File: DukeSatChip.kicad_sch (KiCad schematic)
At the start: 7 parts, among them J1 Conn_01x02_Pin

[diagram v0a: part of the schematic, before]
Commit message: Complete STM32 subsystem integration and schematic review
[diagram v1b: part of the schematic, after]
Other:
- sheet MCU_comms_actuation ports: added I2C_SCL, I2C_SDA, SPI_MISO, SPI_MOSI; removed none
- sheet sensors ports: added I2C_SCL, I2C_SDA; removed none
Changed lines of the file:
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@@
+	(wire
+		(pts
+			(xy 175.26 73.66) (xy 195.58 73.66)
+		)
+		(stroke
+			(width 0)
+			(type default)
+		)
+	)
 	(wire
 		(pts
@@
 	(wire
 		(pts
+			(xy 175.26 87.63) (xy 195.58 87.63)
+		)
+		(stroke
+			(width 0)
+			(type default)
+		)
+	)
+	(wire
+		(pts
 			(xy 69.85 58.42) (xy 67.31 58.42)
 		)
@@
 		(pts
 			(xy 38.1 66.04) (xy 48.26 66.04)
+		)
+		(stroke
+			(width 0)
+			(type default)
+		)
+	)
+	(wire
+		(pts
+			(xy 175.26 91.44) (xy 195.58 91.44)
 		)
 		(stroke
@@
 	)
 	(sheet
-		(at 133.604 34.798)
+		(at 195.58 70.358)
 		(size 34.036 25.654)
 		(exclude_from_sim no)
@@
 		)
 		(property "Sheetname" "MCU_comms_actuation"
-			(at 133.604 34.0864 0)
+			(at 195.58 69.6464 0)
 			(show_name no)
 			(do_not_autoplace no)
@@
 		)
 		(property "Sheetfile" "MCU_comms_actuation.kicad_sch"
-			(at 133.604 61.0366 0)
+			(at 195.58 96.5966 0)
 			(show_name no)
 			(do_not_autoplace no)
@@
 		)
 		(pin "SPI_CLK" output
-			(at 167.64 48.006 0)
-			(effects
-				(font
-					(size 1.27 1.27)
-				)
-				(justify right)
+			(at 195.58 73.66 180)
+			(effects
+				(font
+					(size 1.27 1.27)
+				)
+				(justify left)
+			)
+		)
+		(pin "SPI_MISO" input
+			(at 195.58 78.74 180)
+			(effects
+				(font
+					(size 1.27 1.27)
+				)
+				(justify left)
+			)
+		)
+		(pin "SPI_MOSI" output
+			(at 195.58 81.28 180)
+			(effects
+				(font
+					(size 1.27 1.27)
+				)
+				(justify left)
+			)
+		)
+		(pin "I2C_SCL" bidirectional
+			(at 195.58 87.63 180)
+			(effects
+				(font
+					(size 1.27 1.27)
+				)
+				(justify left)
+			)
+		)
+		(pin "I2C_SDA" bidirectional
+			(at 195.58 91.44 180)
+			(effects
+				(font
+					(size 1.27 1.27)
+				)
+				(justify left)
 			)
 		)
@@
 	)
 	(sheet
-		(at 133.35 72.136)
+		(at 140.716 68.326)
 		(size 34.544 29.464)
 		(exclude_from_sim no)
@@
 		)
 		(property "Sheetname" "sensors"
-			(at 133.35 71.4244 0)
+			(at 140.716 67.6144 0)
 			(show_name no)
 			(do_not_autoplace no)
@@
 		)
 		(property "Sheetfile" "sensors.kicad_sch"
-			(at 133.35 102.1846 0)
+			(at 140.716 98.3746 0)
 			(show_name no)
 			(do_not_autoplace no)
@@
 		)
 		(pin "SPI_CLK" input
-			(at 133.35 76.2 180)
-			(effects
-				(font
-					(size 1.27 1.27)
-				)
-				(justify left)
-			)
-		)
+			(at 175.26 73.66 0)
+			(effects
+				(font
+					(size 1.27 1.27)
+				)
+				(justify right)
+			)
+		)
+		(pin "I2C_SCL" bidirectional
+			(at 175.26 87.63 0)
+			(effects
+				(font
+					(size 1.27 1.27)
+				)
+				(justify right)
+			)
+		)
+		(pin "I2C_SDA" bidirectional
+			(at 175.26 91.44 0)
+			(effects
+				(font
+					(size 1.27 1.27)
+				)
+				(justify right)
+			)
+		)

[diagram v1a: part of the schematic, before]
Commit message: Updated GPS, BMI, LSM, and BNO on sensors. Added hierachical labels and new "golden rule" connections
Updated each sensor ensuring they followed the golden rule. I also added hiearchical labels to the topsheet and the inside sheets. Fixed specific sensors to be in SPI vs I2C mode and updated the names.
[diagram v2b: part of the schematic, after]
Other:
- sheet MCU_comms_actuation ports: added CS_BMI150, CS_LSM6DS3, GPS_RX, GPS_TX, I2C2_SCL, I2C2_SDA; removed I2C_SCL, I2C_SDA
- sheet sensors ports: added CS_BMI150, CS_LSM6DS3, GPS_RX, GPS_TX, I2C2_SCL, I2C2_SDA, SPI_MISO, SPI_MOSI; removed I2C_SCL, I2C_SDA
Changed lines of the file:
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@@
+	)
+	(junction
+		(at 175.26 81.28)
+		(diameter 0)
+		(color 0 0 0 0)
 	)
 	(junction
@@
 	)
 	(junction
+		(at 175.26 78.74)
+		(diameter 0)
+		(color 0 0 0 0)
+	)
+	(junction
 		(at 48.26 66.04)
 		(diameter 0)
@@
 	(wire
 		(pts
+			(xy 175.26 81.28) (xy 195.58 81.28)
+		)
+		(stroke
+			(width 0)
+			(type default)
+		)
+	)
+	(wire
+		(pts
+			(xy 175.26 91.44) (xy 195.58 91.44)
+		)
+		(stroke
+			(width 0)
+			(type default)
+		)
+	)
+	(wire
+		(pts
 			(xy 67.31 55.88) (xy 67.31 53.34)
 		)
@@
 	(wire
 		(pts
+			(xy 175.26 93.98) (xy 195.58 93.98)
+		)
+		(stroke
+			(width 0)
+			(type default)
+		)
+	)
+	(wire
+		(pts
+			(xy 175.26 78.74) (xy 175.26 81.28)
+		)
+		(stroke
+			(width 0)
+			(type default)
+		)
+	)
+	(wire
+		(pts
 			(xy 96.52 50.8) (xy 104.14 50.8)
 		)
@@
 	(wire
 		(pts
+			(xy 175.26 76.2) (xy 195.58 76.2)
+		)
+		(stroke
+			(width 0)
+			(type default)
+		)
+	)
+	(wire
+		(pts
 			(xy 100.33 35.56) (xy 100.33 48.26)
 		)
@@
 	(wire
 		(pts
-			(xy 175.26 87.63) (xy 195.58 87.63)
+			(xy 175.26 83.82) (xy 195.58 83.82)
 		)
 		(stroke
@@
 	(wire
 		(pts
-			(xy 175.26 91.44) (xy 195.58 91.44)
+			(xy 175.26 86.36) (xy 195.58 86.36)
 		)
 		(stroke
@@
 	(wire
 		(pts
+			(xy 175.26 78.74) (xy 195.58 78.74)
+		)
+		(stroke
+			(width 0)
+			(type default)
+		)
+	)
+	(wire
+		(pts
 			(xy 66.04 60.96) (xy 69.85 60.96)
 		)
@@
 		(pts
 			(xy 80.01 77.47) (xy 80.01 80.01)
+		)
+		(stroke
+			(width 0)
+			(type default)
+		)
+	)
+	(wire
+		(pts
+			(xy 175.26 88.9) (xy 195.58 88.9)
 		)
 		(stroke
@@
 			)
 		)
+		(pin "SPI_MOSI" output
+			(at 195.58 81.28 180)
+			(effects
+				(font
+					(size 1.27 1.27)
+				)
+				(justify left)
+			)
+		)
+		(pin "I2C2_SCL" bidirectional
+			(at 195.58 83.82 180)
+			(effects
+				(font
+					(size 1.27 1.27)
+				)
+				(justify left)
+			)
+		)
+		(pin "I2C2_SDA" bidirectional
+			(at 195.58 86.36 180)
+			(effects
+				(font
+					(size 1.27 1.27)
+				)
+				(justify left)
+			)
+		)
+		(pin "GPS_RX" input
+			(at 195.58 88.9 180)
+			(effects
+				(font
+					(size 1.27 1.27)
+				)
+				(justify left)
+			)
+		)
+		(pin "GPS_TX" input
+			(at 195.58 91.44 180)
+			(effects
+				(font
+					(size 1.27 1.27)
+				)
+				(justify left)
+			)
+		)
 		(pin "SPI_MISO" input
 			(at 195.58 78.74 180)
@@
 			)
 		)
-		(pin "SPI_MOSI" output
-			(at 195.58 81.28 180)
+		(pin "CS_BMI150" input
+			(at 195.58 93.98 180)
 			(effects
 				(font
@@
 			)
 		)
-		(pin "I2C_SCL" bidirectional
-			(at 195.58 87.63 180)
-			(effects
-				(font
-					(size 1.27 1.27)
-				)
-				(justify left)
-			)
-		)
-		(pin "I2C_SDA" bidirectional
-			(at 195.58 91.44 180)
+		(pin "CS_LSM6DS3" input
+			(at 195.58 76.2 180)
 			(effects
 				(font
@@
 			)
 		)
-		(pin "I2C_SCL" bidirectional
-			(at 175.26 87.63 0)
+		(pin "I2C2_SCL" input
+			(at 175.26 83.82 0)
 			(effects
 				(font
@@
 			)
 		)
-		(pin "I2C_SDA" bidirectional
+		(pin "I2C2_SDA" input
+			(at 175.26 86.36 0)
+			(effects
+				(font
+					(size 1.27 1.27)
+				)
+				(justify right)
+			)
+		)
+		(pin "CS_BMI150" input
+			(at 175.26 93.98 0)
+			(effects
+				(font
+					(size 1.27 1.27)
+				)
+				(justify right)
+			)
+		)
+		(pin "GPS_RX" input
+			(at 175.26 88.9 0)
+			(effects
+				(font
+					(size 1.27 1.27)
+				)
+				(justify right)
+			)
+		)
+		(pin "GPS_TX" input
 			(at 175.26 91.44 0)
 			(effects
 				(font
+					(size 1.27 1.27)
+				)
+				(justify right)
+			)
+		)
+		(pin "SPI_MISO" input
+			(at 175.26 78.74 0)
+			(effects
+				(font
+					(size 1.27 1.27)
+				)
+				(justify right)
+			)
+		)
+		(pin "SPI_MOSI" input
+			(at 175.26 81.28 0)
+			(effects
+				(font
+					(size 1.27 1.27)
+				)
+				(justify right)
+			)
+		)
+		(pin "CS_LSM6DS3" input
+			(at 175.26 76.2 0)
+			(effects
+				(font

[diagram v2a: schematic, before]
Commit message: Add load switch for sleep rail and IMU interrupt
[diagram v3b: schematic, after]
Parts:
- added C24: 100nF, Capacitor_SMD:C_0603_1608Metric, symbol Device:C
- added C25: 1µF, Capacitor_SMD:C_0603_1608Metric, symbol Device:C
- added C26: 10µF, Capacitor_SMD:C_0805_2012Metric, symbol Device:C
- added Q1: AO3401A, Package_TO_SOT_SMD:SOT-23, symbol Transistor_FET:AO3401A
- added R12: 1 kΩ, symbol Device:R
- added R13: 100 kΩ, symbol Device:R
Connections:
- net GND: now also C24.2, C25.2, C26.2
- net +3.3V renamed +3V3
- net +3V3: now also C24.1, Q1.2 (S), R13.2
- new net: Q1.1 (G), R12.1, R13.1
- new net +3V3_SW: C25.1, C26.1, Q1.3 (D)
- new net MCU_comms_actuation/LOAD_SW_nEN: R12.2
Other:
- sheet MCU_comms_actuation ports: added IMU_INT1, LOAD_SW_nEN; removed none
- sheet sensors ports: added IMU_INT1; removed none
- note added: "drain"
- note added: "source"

## Your instructions
Where a line of the entries holds the string "Updated", include it in the count, and give only the final number.

## Exercise response
2